FOR IMMEDIATE RELEASE
March 7, 2007
Contact: Sarah Nelson, 581-3254
RESEARCHERS AT ACADIA TRACE MERCURY THROUGH FORESTS, STREAMS
While Acadia National Park is often perceived as remote and pristine, the park's fish, wildlife, and human visitors are vulnerable to mercury contamination that persists throughout North America. New research has documented that fish, amphibians, and even tree swallows from Acadia carry heavy burdens of mercury.
Now, in a series of papers published in a special issue of the journal Environmental Monitoring and Assessment, a group of researchers from the University of Maine, Plymouth State University, the U.S. Geological Survey, National Park Service, and Harvard University have revealed why concentrations of mercury in the environment are higher in some places than in others.
Using Acadia National Park as an "outdoor laboratory," the ten lead scientists were able to trace mercury as it moves from the sky to the mountains of Acadia, down through the forest canopy, and into streams and lakes, where it builds up in zooplankton, insects, fish and fish-eating wildlife. The research was conducted over seven years by scientists from a number of institutions, making Acadia one of the most intensively studied areas for mercury in the United States.
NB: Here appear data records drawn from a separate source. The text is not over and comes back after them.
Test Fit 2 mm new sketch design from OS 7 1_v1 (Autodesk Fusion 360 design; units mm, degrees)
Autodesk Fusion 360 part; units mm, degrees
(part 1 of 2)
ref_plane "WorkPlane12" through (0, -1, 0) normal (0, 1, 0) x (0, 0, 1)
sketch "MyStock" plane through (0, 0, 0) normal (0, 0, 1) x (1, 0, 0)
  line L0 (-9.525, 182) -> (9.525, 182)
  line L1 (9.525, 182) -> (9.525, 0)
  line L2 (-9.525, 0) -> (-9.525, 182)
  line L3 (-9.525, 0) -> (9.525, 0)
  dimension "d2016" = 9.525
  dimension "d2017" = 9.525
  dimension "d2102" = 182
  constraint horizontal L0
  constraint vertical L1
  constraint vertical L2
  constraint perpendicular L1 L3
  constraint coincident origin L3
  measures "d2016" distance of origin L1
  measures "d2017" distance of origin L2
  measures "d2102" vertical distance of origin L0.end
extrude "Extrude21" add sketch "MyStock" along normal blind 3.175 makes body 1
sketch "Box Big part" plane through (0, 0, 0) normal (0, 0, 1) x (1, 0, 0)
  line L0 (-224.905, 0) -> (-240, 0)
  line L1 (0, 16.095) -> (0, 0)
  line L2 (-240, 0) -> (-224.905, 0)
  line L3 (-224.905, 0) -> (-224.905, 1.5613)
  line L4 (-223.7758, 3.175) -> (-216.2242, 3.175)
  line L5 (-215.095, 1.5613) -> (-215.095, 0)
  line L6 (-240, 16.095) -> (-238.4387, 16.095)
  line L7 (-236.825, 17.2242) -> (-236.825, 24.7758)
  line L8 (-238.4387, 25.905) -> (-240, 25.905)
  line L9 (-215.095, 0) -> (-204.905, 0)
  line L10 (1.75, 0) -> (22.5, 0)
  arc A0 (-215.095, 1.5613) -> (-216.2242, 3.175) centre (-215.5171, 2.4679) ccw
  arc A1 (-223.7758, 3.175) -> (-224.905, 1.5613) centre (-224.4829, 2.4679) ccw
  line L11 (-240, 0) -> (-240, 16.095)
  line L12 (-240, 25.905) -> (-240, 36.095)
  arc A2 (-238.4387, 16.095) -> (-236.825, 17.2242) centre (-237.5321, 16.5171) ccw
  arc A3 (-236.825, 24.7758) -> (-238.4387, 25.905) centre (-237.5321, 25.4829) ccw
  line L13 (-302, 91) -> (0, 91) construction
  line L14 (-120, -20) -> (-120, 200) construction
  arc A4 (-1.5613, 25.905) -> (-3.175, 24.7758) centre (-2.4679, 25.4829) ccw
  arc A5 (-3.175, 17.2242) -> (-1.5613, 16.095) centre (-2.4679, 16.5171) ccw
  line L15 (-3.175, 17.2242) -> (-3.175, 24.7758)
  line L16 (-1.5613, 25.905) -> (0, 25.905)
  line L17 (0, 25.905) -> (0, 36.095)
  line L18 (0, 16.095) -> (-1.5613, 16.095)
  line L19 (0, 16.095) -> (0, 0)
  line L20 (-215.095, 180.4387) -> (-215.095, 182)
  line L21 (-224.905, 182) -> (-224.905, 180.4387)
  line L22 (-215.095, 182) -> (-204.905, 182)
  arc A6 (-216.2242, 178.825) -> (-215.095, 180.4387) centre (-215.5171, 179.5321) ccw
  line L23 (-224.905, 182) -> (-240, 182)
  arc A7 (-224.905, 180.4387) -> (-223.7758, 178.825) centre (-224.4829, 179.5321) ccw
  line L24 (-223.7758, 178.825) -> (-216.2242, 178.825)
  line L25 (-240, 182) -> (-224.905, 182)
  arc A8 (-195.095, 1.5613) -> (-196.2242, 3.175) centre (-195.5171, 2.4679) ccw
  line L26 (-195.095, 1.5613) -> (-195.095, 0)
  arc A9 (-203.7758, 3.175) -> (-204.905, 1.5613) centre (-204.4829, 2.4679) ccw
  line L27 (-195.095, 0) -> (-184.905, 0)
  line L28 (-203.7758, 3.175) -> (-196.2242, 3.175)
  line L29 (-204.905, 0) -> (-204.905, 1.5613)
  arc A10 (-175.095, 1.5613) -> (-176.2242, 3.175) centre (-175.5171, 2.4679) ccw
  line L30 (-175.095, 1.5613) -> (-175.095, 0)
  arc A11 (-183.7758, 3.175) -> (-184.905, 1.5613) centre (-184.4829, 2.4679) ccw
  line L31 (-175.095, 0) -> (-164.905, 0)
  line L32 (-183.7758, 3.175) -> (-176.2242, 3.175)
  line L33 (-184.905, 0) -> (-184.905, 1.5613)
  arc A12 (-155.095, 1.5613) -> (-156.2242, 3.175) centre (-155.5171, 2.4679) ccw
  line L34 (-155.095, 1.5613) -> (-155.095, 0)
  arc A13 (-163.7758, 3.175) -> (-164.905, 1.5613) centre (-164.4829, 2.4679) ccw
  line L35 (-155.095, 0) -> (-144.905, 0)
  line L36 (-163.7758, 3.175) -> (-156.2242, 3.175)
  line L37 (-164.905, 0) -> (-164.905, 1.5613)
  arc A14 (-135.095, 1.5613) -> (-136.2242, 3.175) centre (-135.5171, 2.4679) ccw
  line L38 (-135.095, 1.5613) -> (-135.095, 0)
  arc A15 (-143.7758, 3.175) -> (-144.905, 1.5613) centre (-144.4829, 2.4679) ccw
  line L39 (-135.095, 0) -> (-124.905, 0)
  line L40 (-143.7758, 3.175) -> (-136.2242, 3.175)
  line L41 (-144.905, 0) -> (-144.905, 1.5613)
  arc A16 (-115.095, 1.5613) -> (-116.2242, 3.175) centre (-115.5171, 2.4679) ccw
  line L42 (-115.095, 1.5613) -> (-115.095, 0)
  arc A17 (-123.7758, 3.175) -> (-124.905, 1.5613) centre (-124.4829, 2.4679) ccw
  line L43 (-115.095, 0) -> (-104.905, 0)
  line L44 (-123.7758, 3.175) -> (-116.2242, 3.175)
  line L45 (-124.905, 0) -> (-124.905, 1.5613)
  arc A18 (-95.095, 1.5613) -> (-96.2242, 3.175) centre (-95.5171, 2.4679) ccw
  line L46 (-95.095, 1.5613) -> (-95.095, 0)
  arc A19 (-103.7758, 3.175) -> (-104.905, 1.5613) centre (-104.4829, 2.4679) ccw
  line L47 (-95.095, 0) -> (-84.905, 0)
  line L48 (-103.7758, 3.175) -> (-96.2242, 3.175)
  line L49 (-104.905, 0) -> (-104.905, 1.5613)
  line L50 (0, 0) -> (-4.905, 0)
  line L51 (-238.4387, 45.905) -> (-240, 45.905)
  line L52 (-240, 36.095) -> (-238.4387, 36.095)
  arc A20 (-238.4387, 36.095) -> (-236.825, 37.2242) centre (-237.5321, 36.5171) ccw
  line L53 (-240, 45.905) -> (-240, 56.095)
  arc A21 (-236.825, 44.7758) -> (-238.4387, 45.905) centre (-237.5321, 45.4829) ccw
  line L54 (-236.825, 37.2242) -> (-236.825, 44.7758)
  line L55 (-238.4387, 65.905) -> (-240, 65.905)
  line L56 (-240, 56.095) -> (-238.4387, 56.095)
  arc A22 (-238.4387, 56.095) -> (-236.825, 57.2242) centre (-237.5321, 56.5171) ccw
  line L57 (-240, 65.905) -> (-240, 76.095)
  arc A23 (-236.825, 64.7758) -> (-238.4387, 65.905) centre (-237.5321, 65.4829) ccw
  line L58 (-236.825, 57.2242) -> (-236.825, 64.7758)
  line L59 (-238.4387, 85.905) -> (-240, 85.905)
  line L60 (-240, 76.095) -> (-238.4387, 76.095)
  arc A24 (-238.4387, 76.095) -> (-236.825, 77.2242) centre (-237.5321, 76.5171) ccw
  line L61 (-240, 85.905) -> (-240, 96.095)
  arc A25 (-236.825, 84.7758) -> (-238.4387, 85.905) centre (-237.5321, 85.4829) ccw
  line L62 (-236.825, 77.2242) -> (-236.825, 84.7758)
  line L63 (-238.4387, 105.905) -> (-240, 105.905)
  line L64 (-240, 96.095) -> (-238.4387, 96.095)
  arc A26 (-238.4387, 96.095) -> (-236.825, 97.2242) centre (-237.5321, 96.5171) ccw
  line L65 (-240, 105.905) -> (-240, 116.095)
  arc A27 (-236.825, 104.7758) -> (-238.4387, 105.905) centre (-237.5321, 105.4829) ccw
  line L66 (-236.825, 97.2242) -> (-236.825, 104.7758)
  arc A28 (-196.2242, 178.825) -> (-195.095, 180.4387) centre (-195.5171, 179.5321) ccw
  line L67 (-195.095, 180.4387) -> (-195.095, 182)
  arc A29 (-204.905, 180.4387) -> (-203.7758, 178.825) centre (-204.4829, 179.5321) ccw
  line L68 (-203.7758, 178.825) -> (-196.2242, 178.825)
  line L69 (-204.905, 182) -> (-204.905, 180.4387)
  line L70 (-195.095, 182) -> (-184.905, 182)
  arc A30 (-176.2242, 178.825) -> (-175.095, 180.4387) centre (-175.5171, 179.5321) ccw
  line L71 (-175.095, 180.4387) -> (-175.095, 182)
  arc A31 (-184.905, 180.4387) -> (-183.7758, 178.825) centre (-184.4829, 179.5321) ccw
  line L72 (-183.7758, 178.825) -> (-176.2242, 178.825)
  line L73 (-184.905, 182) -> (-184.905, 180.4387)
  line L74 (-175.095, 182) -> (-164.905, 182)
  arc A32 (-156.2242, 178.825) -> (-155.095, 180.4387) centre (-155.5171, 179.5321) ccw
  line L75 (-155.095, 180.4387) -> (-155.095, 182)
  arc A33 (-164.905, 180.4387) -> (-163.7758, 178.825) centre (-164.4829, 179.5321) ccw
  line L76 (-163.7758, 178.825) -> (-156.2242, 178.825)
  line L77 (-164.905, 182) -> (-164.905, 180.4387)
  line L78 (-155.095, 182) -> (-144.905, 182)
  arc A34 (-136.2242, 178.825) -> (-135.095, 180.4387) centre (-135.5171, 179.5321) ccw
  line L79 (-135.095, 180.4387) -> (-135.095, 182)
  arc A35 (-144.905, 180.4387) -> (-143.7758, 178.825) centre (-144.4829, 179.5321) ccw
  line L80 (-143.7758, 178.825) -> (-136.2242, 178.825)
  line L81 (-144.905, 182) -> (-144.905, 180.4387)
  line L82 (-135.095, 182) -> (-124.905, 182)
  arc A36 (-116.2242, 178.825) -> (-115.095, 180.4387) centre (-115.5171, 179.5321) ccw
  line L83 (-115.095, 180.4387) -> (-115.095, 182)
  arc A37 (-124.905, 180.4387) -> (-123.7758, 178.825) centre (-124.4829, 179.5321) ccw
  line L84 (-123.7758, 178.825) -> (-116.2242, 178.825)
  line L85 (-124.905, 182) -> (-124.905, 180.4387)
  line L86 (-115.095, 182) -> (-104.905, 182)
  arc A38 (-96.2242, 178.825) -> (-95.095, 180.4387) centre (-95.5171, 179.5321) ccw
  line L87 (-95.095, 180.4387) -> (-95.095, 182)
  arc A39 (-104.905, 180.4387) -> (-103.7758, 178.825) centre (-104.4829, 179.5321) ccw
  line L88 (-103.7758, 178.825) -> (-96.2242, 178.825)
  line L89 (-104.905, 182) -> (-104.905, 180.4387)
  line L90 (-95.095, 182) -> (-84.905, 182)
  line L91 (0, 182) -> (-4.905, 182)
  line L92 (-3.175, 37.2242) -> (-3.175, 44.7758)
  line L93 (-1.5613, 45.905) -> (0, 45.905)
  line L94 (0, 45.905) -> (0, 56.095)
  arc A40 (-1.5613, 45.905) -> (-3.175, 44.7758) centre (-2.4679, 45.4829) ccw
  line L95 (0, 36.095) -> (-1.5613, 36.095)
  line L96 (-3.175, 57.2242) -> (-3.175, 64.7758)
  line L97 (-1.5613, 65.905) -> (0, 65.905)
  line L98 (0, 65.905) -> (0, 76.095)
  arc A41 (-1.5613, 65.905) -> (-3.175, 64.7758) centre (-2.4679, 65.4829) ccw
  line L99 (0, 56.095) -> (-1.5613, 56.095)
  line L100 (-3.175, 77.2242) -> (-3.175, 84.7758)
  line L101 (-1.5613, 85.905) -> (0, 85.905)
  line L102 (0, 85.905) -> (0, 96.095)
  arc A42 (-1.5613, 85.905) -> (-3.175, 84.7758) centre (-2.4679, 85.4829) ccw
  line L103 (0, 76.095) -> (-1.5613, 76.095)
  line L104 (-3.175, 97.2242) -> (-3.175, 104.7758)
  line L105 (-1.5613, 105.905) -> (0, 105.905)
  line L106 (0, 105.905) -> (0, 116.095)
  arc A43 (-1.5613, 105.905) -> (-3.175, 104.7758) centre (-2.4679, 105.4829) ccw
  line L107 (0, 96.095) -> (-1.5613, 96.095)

"These research projects demonstrated that the forested landscape and its history play a role in the cycling of mercury and nitrogen through the environment. This means we need to consider land cover type when assessing contaminants like mercury in our environment," said Sarah Nelson, co-editor of the special issue and an assistant scientist at Senator George J. Mitchell Center at the University of Maine.
Evergreen forests of spruce, fir, and pine act as air filters, raking mercury from the air; as a result, the amount of mercury that falls through the canopy of these forested areas is much higher than that detected in rain alone. The mercury is washed to the ground with rain, snow, and falling needles and twigs, where it collects in the soil, and eventually moves into streams and lakes. Evergreen forests capture more mercury from the air than hardwood forests, because needles have more surface area to grab the mercury than leaves. Forests that are located on southwest-facing slopes are hardest hit, because they directly intercept polluted air masses drifting eastward across the United States.
Events such as fire can have tremendous influence, even decades later, on an area's susceptibility to mercury and other air pollutants. Reconstructing the history of Acadia's landscape, the UMaine team showed that the southeast slope of Cadillac Mountain, which burned during a major fire in 1947 (which covered nearly a third of Mount Desert Island) and was re-vegetated by hardwoods, is much better at retaining mercury than other areas of the park that have remained undisturbed for hundreds of years. The unburned areas are "leaky," and flush more mercury and nutrients into streams. As evidence of this, salamanders living in unburned forests had higher levels of mercury in their bodies than those in the burned areas.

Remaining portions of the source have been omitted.